第11話 王都アルバの騎士見習い
騎士見習いとしての1日はあっという間だった。朝早くから起きて、1日中動き回って頼まれる雑用をこなし気が付くと夜になっていて、くたくたになって簡単に身を清め布団に潜り込む。
剣など入団してから一度も持ったことがない。けれど楽しみが全くないわけではなかった。荷物を街の指定の建物などを運ぶとき、通りに面した中世を思わせる街並やすれ違う人々を見れるのが楽しくてたまらない。あまりにそわそわしていたのだろう。
一緒に荷物を運んでいた隊の上司から、田舎からでてきて王都の賑やかさが物珍しいのかもしれないが少しは落ち着けと笑われた。
ゆっくり食事を取る時間もないので、だいたいが荷馬車の上で昼食を食べる。その昼食も途中の通りに出ているお店で買って、簡単に食べられるものばかり。しかしどれも美味しい。
もちろんギルバートの屋敷で出されたフルコースな料理も美味しかったけれど、こうして街の市民が気軽に食べられる食事もまた別次元の美味しさでたまらない。
今日の配送は騎士団で上司にあたるフレッド・ガルシアと自分が担当になっている。30前だがすでに結婚していて2人の子供もいるのだと聞いた。
そしてフレッドもまた騎士団は見習いからスタートしたとのことで、扱かれはしても理不尽な仕事を押し付けたりはしない。聞けば丁寧に教えてくれるし、ミスったときは何がミスの原因だったのかその相談も真摯に乗ってくれる。
人間だったときは一人っ子だったけど、おにいちゃんがいたらこんな感じだったのかな
フレッドだけでなく他の第二騎士団配属の騎士たちはみな陽気で、自分になにかと親切にしてくれる。というのも自分が入る前までは、30近いフレッドが最年小であったため、15歳ということで入団した自分が子供のように思えるらしい。

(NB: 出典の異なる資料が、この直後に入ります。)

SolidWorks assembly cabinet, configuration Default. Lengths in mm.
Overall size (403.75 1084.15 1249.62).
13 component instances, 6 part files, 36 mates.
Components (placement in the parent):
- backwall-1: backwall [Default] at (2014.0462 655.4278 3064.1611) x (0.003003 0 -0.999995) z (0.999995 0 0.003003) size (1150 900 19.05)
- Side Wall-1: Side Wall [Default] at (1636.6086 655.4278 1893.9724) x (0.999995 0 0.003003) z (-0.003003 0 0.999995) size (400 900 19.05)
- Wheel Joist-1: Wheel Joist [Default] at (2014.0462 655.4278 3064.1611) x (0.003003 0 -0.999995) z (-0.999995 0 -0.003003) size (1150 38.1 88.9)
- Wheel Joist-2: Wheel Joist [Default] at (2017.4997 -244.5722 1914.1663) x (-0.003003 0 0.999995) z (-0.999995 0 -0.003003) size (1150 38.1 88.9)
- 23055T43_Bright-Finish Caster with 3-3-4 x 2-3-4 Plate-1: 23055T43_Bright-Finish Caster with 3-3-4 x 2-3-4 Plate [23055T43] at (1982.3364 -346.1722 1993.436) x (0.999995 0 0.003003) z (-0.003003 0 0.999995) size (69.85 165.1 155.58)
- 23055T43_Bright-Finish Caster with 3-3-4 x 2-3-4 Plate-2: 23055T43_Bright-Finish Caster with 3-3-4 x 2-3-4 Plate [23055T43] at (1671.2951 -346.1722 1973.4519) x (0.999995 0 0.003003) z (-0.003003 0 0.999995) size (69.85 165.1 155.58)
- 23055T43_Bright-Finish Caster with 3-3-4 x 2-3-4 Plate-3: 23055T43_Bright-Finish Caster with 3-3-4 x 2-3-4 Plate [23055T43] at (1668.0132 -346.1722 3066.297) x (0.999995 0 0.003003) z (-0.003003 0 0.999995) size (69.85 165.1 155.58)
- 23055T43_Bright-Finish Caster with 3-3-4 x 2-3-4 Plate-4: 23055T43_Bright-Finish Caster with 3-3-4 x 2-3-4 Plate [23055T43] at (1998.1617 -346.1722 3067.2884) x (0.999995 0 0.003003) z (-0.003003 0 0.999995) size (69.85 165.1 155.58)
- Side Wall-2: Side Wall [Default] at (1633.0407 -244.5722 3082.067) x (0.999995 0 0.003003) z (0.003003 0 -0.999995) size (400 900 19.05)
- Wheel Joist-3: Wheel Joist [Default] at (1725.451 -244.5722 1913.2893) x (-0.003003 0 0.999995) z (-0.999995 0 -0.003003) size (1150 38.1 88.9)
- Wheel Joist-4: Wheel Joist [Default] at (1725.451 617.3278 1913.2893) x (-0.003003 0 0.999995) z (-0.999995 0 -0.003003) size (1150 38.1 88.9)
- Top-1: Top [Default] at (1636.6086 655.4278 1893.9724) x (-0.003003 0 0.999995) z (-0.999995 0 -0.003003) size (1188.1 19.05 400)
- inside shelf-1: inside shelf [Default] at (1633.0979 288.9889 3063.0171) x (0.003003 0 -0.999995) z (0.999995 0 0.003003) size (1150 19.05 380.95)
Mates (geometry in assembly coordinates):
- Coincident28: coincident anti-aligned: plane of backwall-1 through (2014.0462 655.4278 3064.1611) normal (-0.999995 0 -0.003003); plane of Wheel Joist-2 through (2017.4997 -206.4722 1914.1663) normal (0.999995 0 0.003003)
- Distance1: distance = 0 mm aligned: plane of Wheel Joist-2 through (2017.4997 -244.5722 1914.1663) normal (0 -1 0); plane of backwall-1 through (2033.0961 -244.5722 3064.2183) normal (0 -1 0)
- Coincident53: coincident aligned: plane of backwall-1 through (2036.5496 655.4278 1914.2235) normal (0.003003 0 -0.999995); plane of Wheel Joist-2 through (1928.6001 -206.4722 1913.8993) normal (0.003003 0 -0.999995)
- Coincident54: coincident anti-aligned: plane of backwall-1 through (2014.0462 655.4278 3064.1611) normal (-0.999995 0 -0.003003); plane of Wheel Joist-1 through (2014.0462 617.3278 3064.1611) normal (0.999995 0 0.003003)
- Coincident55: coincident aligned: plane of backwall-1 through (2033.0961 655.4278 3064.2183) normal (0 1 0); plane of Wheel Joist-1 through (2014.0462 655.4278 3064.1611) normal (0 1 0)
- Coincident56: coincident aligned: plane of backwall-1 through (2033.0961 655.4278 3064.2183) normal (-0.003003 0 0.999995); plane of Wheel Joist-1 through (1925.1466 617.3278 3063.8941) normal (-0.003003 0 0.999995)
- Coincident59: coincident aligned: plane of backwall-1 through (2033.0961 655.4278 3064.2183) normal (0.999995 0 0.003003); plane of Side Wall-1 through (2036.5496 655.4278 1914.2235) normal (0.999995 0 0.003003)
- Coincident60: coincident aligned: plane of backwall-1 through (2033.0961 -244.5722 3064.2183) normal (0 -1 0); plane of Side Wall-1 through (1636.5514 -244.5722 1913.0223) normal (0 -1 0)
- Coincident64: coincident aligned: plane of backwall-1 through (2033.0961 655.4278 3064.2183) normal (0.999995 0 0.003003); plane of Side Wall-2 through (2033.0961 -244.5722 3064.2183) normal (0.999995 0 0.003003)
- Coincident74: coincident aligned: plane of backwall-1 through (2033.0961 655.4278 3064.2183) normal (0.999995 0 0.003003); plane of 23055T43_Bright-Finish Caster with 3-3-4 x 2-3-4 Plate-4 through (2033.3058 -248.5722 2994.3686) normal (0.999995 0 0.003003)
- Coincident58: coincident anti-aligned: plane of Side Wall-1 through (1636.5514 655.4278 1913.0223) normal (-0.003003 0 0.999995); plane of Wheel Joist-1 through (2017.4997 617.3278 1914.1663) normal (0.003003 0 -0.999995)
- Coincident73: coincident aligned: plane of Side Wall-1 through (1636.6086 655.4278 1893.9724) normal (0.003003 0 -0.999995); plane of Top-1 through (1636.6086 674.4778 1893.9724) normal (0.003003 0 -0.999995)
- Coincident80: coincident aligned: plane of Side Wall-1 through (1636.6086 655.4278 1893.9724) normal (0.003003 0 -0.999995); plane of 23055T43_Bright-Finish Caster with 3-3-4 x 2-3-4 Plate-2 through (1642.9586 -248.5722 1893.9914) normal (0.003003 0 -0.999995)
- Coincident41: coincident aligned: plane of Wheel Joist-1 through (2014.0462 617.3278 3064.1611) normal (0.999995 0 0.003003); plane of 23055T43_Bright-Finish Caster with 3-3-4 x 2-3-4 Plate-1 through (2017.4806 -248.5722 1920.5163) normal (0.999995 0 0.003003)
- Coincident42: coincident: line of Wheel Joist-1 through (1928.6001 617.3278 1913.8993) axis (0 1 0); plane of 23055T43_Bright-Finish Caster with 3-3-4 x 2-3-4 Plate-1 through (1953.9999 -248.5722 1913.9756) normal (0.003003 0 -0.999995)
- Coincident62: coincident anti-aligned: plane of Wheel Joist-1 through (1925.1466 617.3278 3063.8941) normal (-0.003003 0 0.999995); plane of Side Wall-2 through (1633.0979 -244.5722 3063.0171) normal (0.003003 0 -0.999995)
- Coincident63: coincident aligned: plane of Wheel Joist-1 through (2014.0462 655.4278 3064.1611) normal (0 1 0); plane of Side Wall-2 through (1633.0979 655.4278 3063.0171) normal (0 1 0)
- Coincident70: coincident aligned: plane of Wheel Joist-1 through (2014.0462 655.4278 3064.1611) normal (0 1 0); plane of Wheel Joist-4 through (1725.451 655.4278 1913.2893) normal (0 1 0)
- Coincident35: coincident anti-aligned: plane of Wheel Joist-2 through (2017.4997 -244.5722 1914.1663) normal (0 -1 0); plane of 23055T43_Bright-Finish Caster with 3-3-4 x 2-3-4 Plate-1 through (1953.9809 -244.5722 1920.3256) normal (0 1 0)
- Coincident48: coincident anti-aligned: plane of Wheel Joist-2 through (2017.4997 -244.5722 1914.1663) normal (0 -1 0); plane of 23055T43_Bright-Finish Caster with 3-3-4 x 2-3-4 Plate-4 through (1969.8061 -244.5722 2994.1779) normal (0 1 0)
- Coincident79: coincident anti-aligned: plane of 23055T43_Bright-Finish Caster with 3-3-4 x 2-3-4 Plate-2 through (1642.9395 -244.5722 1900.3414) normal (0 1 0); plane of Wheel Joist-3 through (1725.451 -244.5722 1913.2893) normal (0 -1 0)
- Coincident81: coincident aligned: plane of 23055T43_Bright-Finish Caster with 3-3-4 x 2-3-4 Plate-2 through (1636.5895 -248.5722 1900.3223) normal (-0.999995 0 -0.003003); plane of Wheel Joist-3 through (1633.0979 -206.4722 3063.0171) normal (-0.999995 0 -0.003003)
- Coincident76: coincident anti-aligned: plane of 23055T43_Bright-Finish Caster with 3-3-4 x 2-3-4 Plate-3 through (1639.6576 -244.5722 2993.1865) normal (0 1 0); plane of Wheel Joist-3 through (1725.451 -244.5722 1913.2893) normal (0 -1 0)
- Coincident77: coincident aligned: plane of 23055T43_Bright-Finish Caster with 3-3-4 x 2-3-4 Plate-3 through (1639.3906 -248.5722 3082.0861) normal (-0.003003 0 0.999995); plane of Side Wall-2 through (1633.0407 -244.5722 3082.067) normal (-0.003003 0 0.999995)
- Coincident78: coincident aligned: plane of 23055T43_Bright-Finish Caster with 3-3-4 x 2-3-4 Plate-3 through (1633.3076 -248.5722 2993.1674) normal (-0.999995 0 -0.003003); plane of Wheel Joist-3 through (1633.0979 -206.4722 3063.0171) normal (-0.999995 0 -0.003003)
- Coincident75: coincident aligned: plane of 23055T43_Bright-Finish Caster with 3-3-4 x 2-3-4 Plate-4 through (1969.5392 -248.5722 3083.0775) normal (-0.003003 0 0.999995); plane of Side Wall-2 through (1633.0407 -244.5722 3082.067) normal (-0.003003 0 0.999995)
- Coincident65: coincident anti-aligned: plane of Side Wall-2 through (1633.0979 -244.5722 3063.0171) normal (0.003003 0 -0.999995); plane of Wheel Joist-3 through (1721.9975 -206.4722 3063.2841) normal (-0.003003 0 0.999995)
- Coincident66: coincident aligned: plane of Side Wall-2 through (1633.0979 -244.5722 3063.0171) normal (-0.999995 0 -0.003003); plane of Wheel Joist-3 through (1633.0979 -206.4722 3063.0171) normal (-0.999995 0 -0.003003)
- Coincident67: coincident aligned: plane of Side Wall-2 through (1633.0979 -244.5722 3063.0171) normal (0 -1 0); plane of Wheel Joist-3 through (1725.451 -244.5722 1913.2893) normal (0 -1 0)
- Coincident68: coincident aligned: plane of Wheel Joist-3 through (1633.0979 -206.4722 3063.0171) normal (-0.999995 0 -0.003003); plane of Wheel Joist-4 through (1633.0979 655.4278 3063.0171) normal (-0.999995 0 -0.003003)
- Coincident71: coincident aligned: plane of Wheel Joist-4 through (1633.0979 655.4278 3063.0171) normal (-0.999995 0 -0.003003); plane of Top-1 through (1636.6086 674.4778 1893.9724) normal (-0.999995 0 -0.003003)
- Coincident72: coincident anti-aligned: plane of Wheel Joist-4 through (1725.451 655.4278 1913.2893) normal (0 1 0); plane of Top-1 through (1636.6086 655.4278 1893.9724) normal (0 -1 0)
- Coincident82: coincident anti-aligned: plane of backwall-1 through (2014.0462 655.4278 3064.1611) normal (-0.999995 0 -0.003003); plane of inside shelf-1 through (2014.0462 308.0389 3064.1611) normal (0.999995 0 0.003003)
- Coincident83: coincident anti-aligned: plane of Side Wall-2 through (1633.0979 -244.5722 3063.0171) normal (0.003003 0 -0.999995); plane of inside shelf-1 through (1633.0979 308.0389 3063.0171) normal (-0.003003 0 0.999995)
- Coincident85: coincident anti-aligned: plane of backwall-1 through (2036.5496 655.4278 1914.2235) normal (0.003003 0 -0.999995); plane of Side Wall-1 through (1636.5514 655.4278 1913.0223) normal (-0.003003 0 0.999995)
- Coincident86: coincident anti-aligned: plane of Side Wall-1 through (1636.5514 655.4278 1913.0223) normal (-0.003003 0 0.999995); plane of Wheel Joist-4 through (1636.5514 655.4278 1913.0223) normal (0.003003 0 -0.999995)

そして本日のランチは王都北西にある商人の店に行く途中にある、ピザに似たパンを購入した。パンもどちらかと言えばカレーについてくるナンのようなもっちり感があり食べ応えがある。そこに濃厚なソースと野菜、炒めた肉がどっさり盛られたものだ。
テーブルについて食べるなら、トッピングされた具が落ちないように食べれるが、急いでいる者はそれを半分に畳んで手に持って食べることもできるので、持ち帰り用に畳んだそれを古紙に包んで持ち帰りもできる。
なので、2人して荷馬車に揺られながら、休憩兼ランチを頬張っていた。
「お前は本当になんでも美味そうに飯を食うな」
「だって本当に美味しいんです!」
「まぁな。美味いのは俺も認めるぜ。それに上も俺たちの仕事のキツさは知ってるから、運搬担当の昼飯代は出してもらえるからな」
そうなのだ。配送担当者は帰ってから騎士団の建物で昼食を取る時間もないため、配送しながら適当な店で軽食を買って食べることが許されている。後で配送担当者に一定額の昼飯代がもらえる仕組みだ。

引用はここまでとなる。